* [YOUR TASK] Beginning at the line containing "line L25 (0, 10.795) -> (0, 20.955)", repeat each line below exactly up to and including the line containing "line L2 (11.049, 11.049)". Do not repeat the pictures.

[Dataset entries]
/---
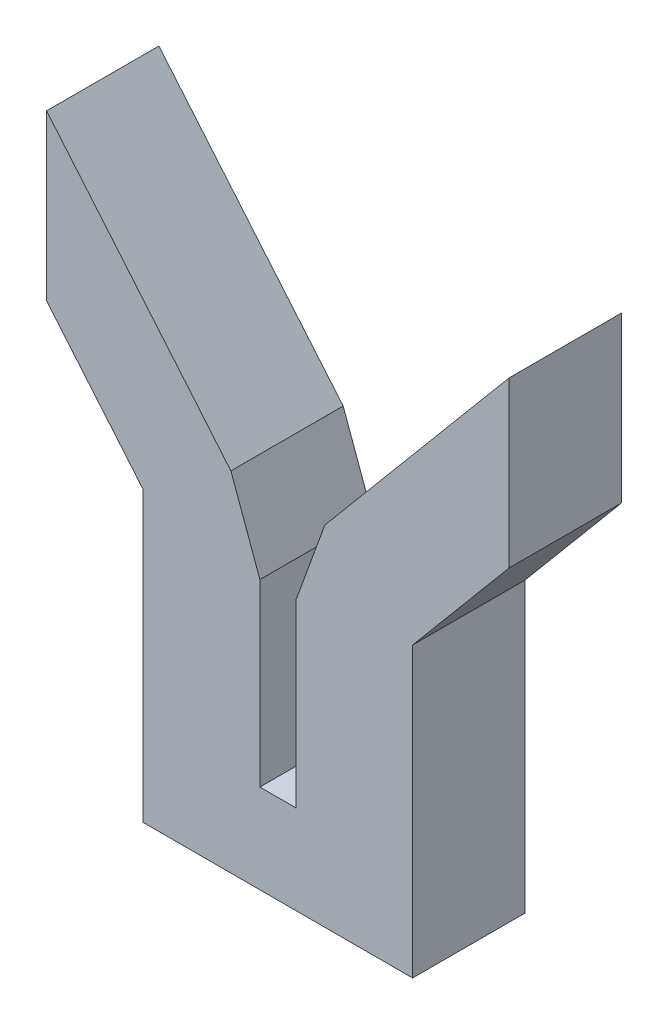
SolidWorks part; units mm, degrees
ref_plane "Front Plane" through (0, 0, 0) normal (0, 0, 1) x (1, 0, 0)
ref_plane "Top Plane" through (0, 0, 0) normal (0, 1, 0) x (1, 0, 0)
ref_plane "Right Plane" through (0, 0, 0) normal (1, 0, 0) x (0, 0, -1)
sketch "Sketch4" plane through (0, 0, 0) normal (0, 0, 1) x (1, 0, 0)
  line L0 (-15, 0) -> (15, 0)
  line L1 (15, 0) -> (15, 29.9091)
  line L2 (15, 29.9091) -> (2, 29.9091)
  line L3 (-15, 29.9091) -> (-15, 0)
  line L4 (0, 0) -> (0, 9.9091) construction
  line L5 (2, 29.9091) -> (2, 9.9091)
  line L6 (2, 9.9091) -> (-2, 9.9091)
  line L7 (2, 29.9091) -> (5.2275, 38.7766)
  line L8 (5.2275, 38.7766) -> (15.2501, 50.721)
  line L9 (15.2501, 50.721) -> (25.7454, 63.2289)
  line L10 (25.7454, 63.2289) -> (25.7454, 44.9085)
  line L11 (25.7454, 44.9085) -> (15, 32.1026)
  line L12 (15, 32.1026) -> (15, 29.9091)
  line L13 (2, 29.9091) -> (2, 49.3423) construction
  line L14 (-2, 29.9091) -> (-15, 29.9091)
  line L15 (-2, 29.9091) -> (-2, 9.9091)
  line L16 (-15, 32.1026) -> (-15, 29.9091)
  line L17 (-25.7454, 44.9085) -> (-15, 32.1026)
  line L18 (-25.7454, 63.2289) -> (-25.7454, 44.9085)
  line L19 (-15.2501, 50.721) -> (-25.7454, 63.2289)
  line L20 (-5.2275, 38.7766) -> (-15.2501, 50.721)
  line L21 (-2, 29.9091) -> (-5.2275, 38.7766)
  point P4 (0, 0)
  point P11 (0, 9.9091)
  dimension "D1" = 30
  dimension "D2" = 2
  dimension "D3" = 20
  dimension "D4" = 20
  dimension "D5" = 40
extrude "Boss-Extrude1" add sketch "Sketch4" along normal blind 12.5 contours L12 L11 L10 L9 L8 L7 L2 | L14 L21 L20 L19 L18 L17 L16 | L15 L14 L3 L0 L1 L2 L5 L6
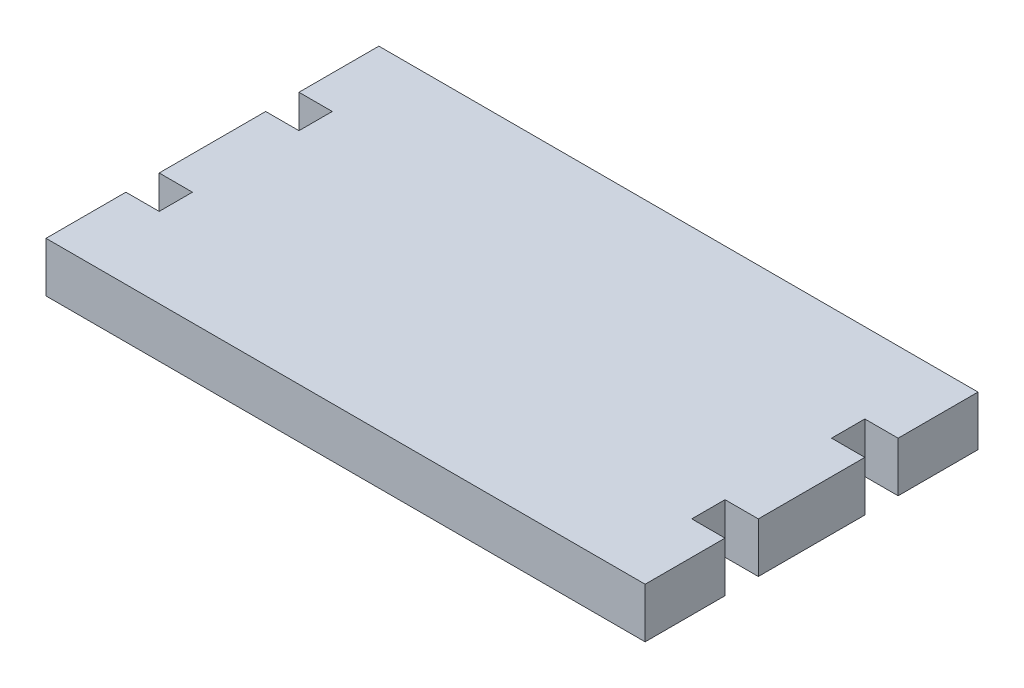
SolidWorks part; units mm, degrees
ref_plane "Front Plane" through (0, 0, 0) normal (0, 0, 1) x (1, 0, 0)
ref_plane "Top Plane" through (0, 0, 0) normal (0, 1, 0) x (1, 0, 0)
ref_plane "Right Plane" through (0, 0, 0) normal (1, 0, 0) x (0, 0, -1)
sketch "Sketch1" plane through (0, 0, 0) normal (0, 1, 0) x (1, 0, 0)
  line L4 (0, 24.13) -> (3.175, 24.13)
  line L5 (0, 0) -> (57.15, 0)
  line L6 (0, 0) -> (0, 7.62)
  line L7 (0, 31.75) -> (57.15, 31.75)
  line L9 (3.175, 24.13) -> (3.175, 20.955)
  line L10 (3.175, 20.955) -> (0, 20.955)
  line L11 (0, 20.955) -> (0, 10.795)
  line L12 (0, 10.795) -> (3.175, 10.795)
  line L13 (3.175, 10.795) -> (3.175, 7.62)
  line L14 (3.175, 7.62) -> (0, 7.62)
  line L15 (57.15, 24.13) -> (53.975, 24.13)
  line L16 (53.975, 24.13) -> (53.975, 20.955)
  line L17 (53.975, 20.955) -> (57.15, 20.955)
  line L18 (57.15, 20.955) -> (57.15, 10.795)
  line L19 (57.15, 7.62) -> (53.975, 7.62)
  line L20 (53.975, 7.62) -> (53.975, 10.795)
  line L21 (53.975, 10.795) -> (57.15, 10.795)
  line L22 (57.15, 7.62) -> (57.15, 0)
  line L23 (57.15, 31.75) -> (57.15, 24.13)
  line L24 (0, 24.13) -> (0, 31.75)
  line L25 (0, 10.795) -> (0, 20.955)
  point P4 (41.687, 24.684)
  dimension "D1" = 7.62
  dimension "D2" = 31.75
  dimension "D3" = 3.175
  dimension "D4" = 3.175
  dimension "D5" = 3.175
  dimension "D6" = 3.175
  dimension "D7" = 7.62
  dimension "D8" = 3.175
  dimension "D9" = 57.15
  dimension "D10" = 3.175
  dimension "D11" = 3.175
extrude "Boss-Extrude1" add sketch "Sketch1" along normal blind 4.7625 contours L24 L4 L9 L10 L11 L12 L13 L14 L6 L5 L22 L19 L20 L21 L18 L17 L16 L15 L23 L7
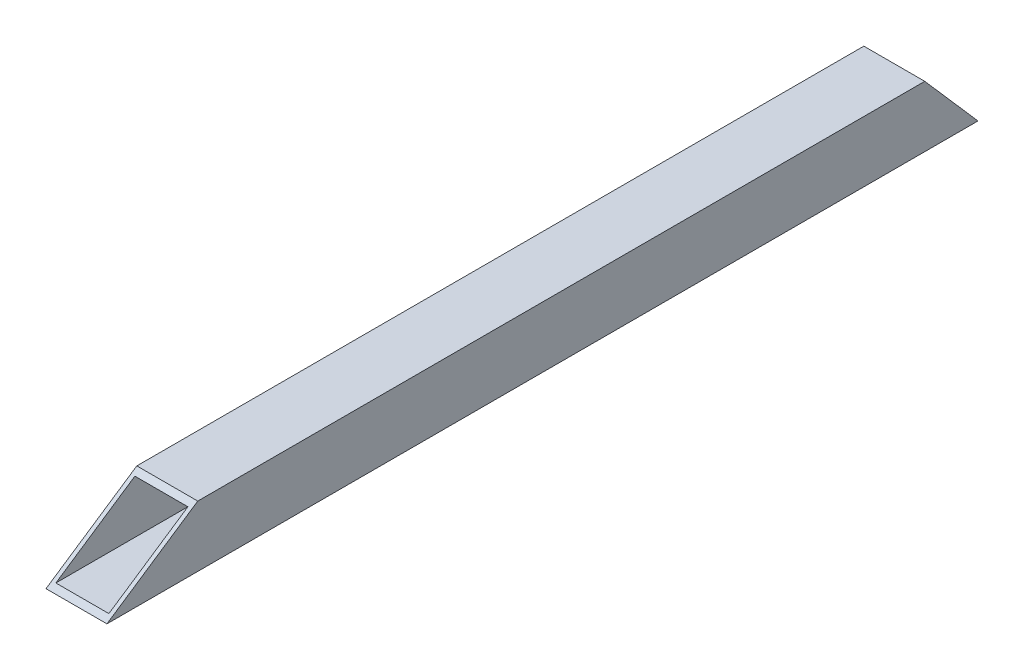
SolidWorks part; units mm, degrees
ref_plane "Front Plane" through (0, 0, 0) normal (0, 0, 1) x (1, 0, 0)
ref_plane "Top Plane" through (0, 0, 0) normal (0, 1, 0) x (1, 0, 0)
ref_plane "Right Plane" through (0, 0, 0) normal (1, 0, 0) x (0, 0, -1)
sketch "Sketch1" plane through (0, 0, 0) normal (0, 0, 1) x (1, 0, 0)
  line L1 (11.049, 11.049) -> (-11.049, 11.049)
  line L2 (11.049, 11.049) -> (11.049, -11.049)
  line L3 (11.049, -11.049) -> (-11.049, -11.049)
  line L4 (-11.049, 11.049) -> (-11.049, -11.049)
  line L5 (11.049, 11.049) -> (-11.049, -11.049) construction
  line L6 (11.049, -11.049) -> (-11.049, 11.049) construction
  line L7 (12.7, 12.7) -> (-12.7, 12.7)
  line L8 (12.7, 12.7) -> (12.7, -12.7)
  line L9 (12.7, -12.7) -> (-12.7, -12.7)
  line L10 (-12.7, 12.7) -> (-12.7, -12.7)
  line L11 (12.7, 12.7) -> (-12.7, -12.7) construction
  line L12 (12.7, -12.7) -> (-12.7, 12.7) construction
  point P0 (0, 0)
  point P6 (0, 0)
  dimension "D3" = 1.651
  dimension "D4" = 1.651
  dimension "D5" = 1.651
  dimension "D2" = 25.4
  dimension "D1" = 25.4
extrude "Boss-Extrude1" add sketch "Sketch1" along normal up to vertex (365.443 mm away)
sketch "Sketch3" plane through (0, 0, 0) normal (0, 1, 0) x (1, 0, 0)
  line L0 (0, 12.8662) -> (0, -262.1311) construction
  line L1 (0, -13.97) -> (0, 13.97) construction
ref_point "Point1"
ref_plane "Plane1" through (0, 132.2171, 169.9007) normal (0, 0.5572, -0.8304) x (-1, 0, 0)
sketch "Sketch5" plane through (0, 132.2171, 169.9007) normal (0, 0.5572, -0.8304) x (-1, 0, 0)
  line L1 (-12.7, 12.7) -> (12.7, 12.7)
  line L2 (-12.7, 12.7) -> (-12.7, -12.7)
  line L3 (-12.7, -12.7) -> (12.7, -12.7)
  line L4 (12.7, 12.7) -> (12.7, -12.7)
  line L5 (-12.7, 12.7) -> (12.7, -12.7) construction
  line L6 (-12.7, -12.7) -> (12.7, 12.7) construction
  point P0 (0, 0)
  dimension "D1" = 25.4
  dimension "D2" = 25.4
extrude "Cut-Extrude2" cut sketch "Sketch5" against normal through all
sketch "Sketch6" plane through (-12.7, 0, 0) normal (-1, 0, 0) x (0, 0, 1)
  line L0 (0, -12.7) -> (25.9871, 17.0482)
  line L1 (25.9871, 17.0482) -> (0, 20.8232)
  line L2 (0, 20.8232) -> (0, -12.7)
  dimension "D1" = 41.14
extrude "Cut-Extrude3" cut sketch "Sketch6" against normal through all
equation "\"c1c2Len\"= 250"
equation "\"D1\"= \"c1c2Len\""
equation "\"1inchSquareTubeLen\"=25.4"
equation "\"D2@Sketch1\"=\"1inchSquareTubeLen\""
equation "\"D1@Sketch1\"=\"1inchSquareTubeLen\""
equation "\"squareTubeWallThickness\"=1.651"
equation "\"D5@Sketch1\"=\"squareTubeWallThickness\""
equation "\"D4@Sketch1\"=\"squareTubeWallThickness\""
equation "\"D3@Sketch1\"=\"squareTubeWallThickness\""
equation "\"D1@Sketch6\"=90-arccos(250/380)"
\---
* [TASK RESPONSE]
  line L25 (0, 10.795) -> (0, 20.955)
  point P4 (41.687, 24.684)
  dimension "D1" = 7.62
  dimension "D2" = 31.75
  dimension "D3" = 3.175
  dimension "D4" = 3.175
  dimension "D5" = 3.175
  dimension "D6" = 3.175
  dimension "D7" = 7.62
  dimension "D8" = 3.175
  dimension "D9" = 57.15
  dimension "D10" = 3.175
  dimension "D11" = 3.175
extrude "Boss-Extrude1" add sketch "Sketch1" along normal blind 4.7625 contours L24 L4 L9 L10 L11 L12 L13 L14 L6 L5 L22 L19 L20 L21 L18 L17 L16 L15 L23 L7
SolidWorks part; units mm, degrees
ref_plane "Front Plane" through (0, 0, 0) normal (0, 0, 1) x (1, 0, 0)
ref_plane "Top Plane" through (0, 0, 0) normal (0, 1, 0) x (1, 0, 0)
ref_plane "Right Plane" through (0, 0, 0) normal (1, 0, 0) x (0, 0, -1)
sketch "Sketch1" plane through (0, 0, 0) normal (0, 0, 1) x (1, 0, 0)
  line L1 (11.049, 11.049) -> (-11.049, 11.049)
  line L2 (11.049, 11.049) -> (11.049, -11.049)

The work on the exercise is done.